# Netbook mit SSD nachrüsten Lohnt es sich?



## Weichkeks (22. Mai 2010)

*Netbook mit SSD nachrüsten Lohnt es sich?*

Hallo User

Ich hab in meinem Desktop System schon eine SSD von Intel 80GB Postville
und habe ein Asus Netbook 1008HA würde es gern mit einer 40GB SSD von Intel nachrüsten und warscheinlich auch den Arbeitsspeicher auf 2GB aufstocken. Ich sitze wirklich gerne am Netbook, würde ich auch ein unterschied in der Akkulaufzeit merken?
Zur zeit ist eine Seagate Momentus mit 14ms zugriffszeit und folgenden verbrauchs angaben:

Start 						 					 					5,0 Watt
Suchen 						 					 					1,3 Watt
Lesen/Schreiben 						 					 					1,6 Watt
Ruhezustand 						 					 					0,68 Watt
Standby 						 					 					0,2 Watt

Diese 14ms merkt man wirklich arg ich denke das Netbook könnte mehr leisten mit der SSD und 2GB ram oder? Hättet ihr vielleicht auch ne Arbeitsspeicher empfehlung?

MFG Keks


----------



## Dr.House (22. Mai 2010)

*AW: Netbook mit SSD nachrüsten Lohnt es sich?*

Eine SSD im Laptop bringt sicherlich deutlich mehr Speed, denn die 5400 RPm 2,5" Platte sind schon lahm und bremsen.

Bei etwas älteren Laptops kann das Board aber die Leistung einer SSD nicht mitmachen und erreichen nierigere Werte als die SSD hergibt.

2 GB Ram sind Pflicht denke ich.

Die gefühlte Arbeitsgeschwindigkeit sollte sich mindestens verdoppeln.
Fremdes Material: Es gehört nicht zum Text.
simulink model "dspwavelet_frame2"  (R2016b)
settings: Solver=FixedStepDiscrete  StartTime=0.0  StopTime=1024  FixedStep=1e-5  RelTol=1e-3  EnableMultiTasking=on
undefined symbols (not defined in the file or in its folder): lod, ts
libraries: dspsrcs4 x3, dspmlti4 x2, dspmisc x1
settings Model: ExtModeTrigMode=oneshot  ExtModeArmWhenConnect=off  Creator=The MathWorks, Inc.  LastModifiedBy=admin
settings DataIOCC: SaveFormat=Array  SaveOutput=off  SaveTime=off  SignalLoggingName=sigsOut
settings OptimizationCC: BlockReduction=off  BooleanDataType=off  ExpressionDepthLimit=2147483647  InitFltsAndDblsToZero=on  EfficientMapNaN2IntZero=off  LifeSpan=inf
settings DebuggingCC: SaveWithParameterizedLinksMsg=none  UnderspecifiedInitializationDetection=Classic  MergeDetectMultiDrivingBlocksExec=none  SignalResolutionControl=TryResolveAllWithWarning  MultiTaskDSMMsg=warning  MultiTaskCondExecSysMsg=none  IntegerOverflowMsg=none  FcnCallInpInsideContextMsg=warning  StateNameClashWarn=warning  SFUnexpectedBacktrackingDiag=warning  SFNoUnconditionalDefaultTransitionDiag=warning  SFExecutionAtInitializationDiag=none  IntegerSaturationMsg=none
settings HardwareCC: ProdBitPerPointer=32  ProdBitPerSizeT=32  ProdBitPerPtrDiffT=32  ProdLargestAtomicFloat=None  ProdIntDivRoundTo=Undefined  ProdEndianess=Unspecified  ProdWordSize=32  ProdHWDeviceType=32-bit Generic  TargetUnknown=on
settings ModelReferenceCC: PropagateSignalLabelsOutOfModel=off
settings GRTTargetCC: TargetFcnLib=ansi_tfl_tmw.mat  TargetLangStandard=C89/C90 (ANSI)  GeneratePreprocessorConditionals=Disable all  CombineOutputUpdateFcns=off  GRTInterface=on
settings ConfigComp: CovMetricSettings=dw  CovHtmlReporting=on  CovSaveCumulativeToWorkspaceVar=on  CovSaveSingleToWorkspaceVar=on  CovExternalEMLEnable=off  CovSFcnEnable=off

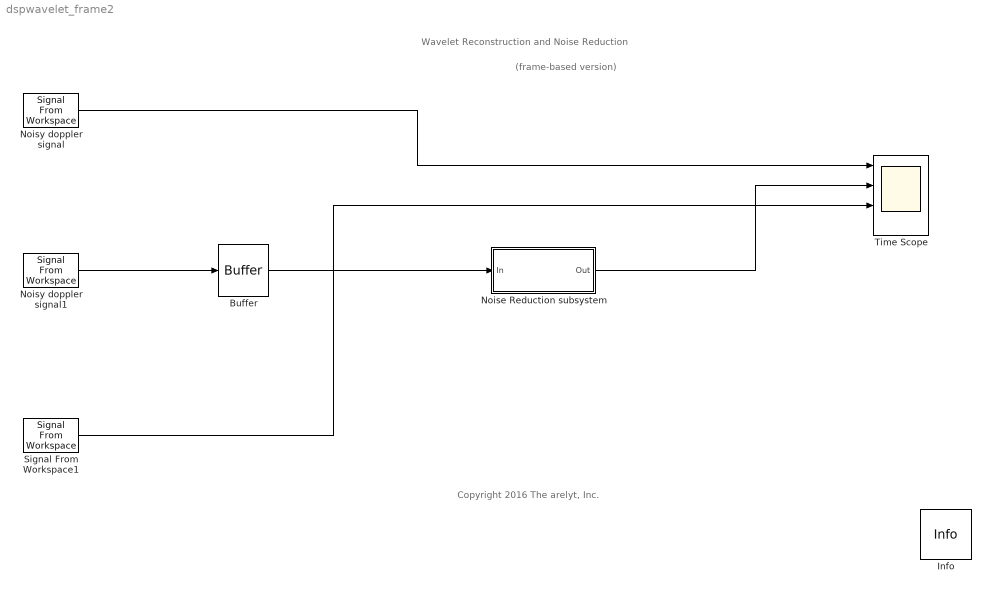
== system dspwavelet_frame2 ==
  note: Wavelet Reconstruction and Noise Reduction
  note: Copyright 2016 The arelyt, Inc.
  note: (frame-based version)
  Buffer : Buffer  TreatMby1Signals=One channel  OutputFrames=off
  Info : dspmisc/Info  SystemSampleTime=-1
  Noise Reduction subsystem : Subsystem  TreatAsAtomicUnit=on
  Noisy doppler signal : dspsrcs4/Signal From Workspace  X=signal  Ts=ts  nsamps=1  OutputAfterFinalValue=Holding final value  ignoreOrWarnInputAndFrameLengths=off  OutputFrames=off
  Noisy doppler signal1 : dspsrcs4/Signal From Workspace  X=signal  Ts=ts  nsamps=64  OutputAfterFinalValue=Holding final value  ignoreOrWarnInputAndFrameLengths=off  OutputFrames=off
  Signal From Workspace1 : dspsrcs4/Signal From Workspace  X=price  Ts=ts  nsamps=1  OutputAfterFinalValue=Holding final value  ignoreOrWarnInputAndFrameLengths=off  OutputFrames=off
  Time Scope : Scope  NumInputPorts=4
  wires:
  Noisy doppler signal/1 -> Time Scope/1
  Signal From Workspace1/1 -> Time Scope/3
  Noisy doppler signal1/1 -> Buffer/1
  Noise Reduction subsystem/1(Out) -> Time Scope/2
  Buffer/1 -> Noise Reduction subsystem/1(In)

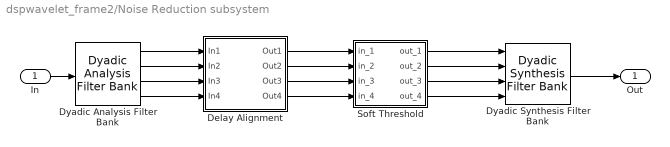
== system dspwavelet_frame2/Noise Reduction subsystem ==
  In : Inport
  Delay Alignment : Subsystem
  Dyadic Analysis Filter Bank : dspmlti4/Dyadic Analysis Filter Bank  Wname=User-defined  OrdRec_ordDec=[1 / 1]  Order=2  LPF=lod  HPF=hid  NumLevels=3  tree=Asymmetric  Output=Multiple ports  OutputFrames=off
  Dyadic Synthesis Filter Bank : dspmlti4/Dyadic Synthesis Filter Bank  Wname=User-defined  OrdRec_ordDec=[1 / 1]  Order=2  LPF=lor  HPF=hir  NumLevels=3  tree=Asymmetric  Input=Multiple ports  OutputFrames=off
  Soft Threshold : Subsystem  mask(Soft Threshold){st=[3 2 1 0]}
      mask prompts: st "Vector of thresholds for each level:"
      mask help: Apply a soft threshold (deadzone transfer function) to each signal in the decomposition. First threshold applies to top-most filter bank output.
      mask init:
      | x=([-1 1 NaN 0 0 NaN -1 -.5 .5 1]+1)/2*.7+.15;
      | y=([0 0 NaN -1 1 NaN -1 0 0 1]+1)/2*.7+.05;
      mask Help: Vector of thresholds for each decomposition level.
      mask Display:
      | text(.1,.9,'Dead Zone')
      | plot(x,y)
  Out : Outport
  wires:
  In/1 -> Dyadic Analysis Filter Bank/1
  Dyadic Synthesis Filter Bank/1 -> Out/1
  Dyadic Analysis Filter Bank/2 -> Delay Alignment/2(In2)
  Dyadic Analysis Filter Bank/1 -> Delay Alignment/1(In1)
  Delay Alignment/2(Out2) -> Soft Threshold/2(in_2)
  Delay Alignment/1(Out1) -> Soft Threshold/1(in_1)
  Soft Threshold/1(out_1) -> Dyadic Synthesis Filter Bank/1
  Soft Threshold/2(out_2) -> Dyadic Synthesis Filter Bank/2
  Dyadic Analysis Filter Bank/3 -> Delay Alignment/3(In3)
  Dyadic Analysis Filter Bank/4 -> Delay Alignment/4(In4)
  Delay Alignment/3(Out3) -> Soft Threshold/3(in_3)
  Delay Alignment/4(Out4) -> Soft Threshold/4(in_4)
  Soft Threshold/3(out_3) -> Dyadic Synthesis Filter Bank/3
  Soft Threshold/4(out_4) -> Dyadic Synthesis Filter Bank/4

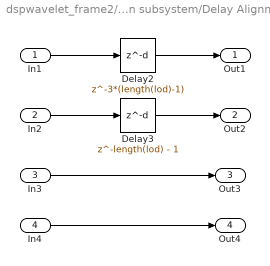
== system dspwavelet_frame2/Noise Reduction subsystem/Delay Alignment ==
  In1 : Inport
  In2 : Inport  Port=2
  In3 : Inport  Port=3
  In4 : Inport  Port=4
  Delay2 : Delay  DelayLength=3*(length(lod)-1)  InputProcessing=Columns as channels (frame based)
  Delay3 : Delay  DelayLength=length(lod) - 1  InputProcessing=Columns as channels (frame based)
  Out1 : Outport
  Out2 : Outport  Port=2
  Out3 : Outport  Port=3
  Out4 : Outport  Port=4
  wires:
  In3/1 -> Out3/1
  In4/1 -> Out4/1
  In2/1 -> Delay3/1
  Delay3/1 -> Out2/1
  In1/1 -> Delay2/1
  Delay2/1 -> Out1/1

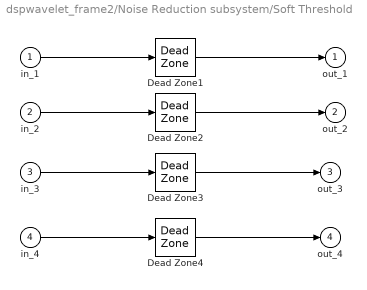
== system dspwavelet_frame2/Noise Reduction subsystem/Soft Threshold ==
  in_1 : Inport
  in_2 : Inport  Port=2
  in_3 : Inport  Port=3
  in_4 : Inport  Port=4
  Dead Zone1 : DeadZone  LowerValue=-st(1)  UpperValue=st(1)  ZeroCross=off  SaturateOnIntegerOverflow=on
  Dead Zone2 : DeadZone  LowerValue=-st(2)  UpperValue=st(2)  ZeroCross=off  SaturateOnIntegerOverflow=on
  Dead Zone3 : DeadZone  LowerValue=-st(3)  UpperValue=st(3)  ZeroCross=off  SaturateOnIntegerOverflow=on
  Dead Zone4 : DeadZone  LowerValue=-st(4)  UpperValue=st(4)  ZeroCross=off  SaturateOnIntegerOverflow=on
  out_1 : Outport
  out_2 : Outport  Port=2
  out_3 : Outport  Port=3
  out_4 : Outport  Port=4
  wires:
  in_1/1 -> Dead Zone1/1
  in_2/1 -> Dead Zone2/1
  in_3/1 -> Dead Zone3/1
  in_4/1 -> Dead Zone4/1
  Dead Zone1/1 -> out_1/1
  Dead Zone2/1 -> out_2/1
  Dead Zone3/1 -> out_3/1
  Dead Zone4/1 -> out_4/1

Beim Energieverbrauch tut sich nicht viel, ob 5 Watt -HDD oder 1,5 Watt SSD, 3-5 min längere Akkulaufzeit schätze ich.


----------



## Ecle (22. Mai 2010)

*AW: Netbook mit SSD nachrüsten Lohnt es sich?*

@Dr.House
Was haha? Der war gut.
Mein Netbook verbraucht etwa 7,5 Watt. Wenn es 3,5 Watt weniger verbrauchen würde, stiege die Laufzeit von gut 8 Stunden auf 17 Stunden 
Beim Topic wär es nicht viel anders.
Deine Verbrauchswerte von HDD und SSD sind völlig utopisch. Du glaubst doch nicht dass eine HDD 5 Watt verbraucht? Das ist wesentlich weniger als die Hälfte von beidem.
Hat er doch selbst schon angegeben. Die 5 Watt sind nur am Start. Ruhezustand 0,68Watt.

Edit:
Hier sind die Verbrauchswerte der SSD:
http://download.intel.com/design/flash/nand/value/prodbrf/323039.pdf
Wenn du jetzt noch den Stromverbrauch von deinem Netbook angibst und wieviel Wattstunden dein Akku hat, kannst du dir (oder ich dir), genau ausrechnen wie viel länger der Akku hält.


----------



## Weichkeks (22. Mai 2010)

*AW: Netbook mit SSD nachrüsten Lohnt es sich?*

Wäre nett wenn du mir das kurz ausrechnest im Office ca. 8Watt unter Last 13Watt der Akku Lithium-Polymer hat 2900 mAh

ich glaube 32 Wattstunden das brauchst du sry ^^


----------



## STSLeon (22. Mai 2010)

*AW: Netbook mit SSD nachrüsten Lohnt es sich?*

Ein großer Vorteil dürfte auch sein, dass du keine mechanischen Bauteile mehr im Laptop hast, solltest du die Festplatte austauschen.


----------



## Ecle (22. Mai 2010)

*AW: Netbook mit SSD nachrüsten Lohnt es sich?*



Weichkeks schrieb:


> Wäre nett wenn du mir das kurz ausrechnest im Office ca. 8Watt unter Last 13Watt der Akku Lithium-Polymer hat 2900 mAh
> 
> ich glaube 32 Wattstunden das brauchst du sry ^^



18 Minuten längere Akkulaufzeit im Idle. 20 Minuten bei Last.


----------



## Dr.House (22. Mai 2010)

*AW: Netbook mit SSD nachrüsten Lohnt es sich?*

netbook, ich dachte da an Laptop die ganze Zeit, die verbrauchen etwas mehr und haben dickere Akkus.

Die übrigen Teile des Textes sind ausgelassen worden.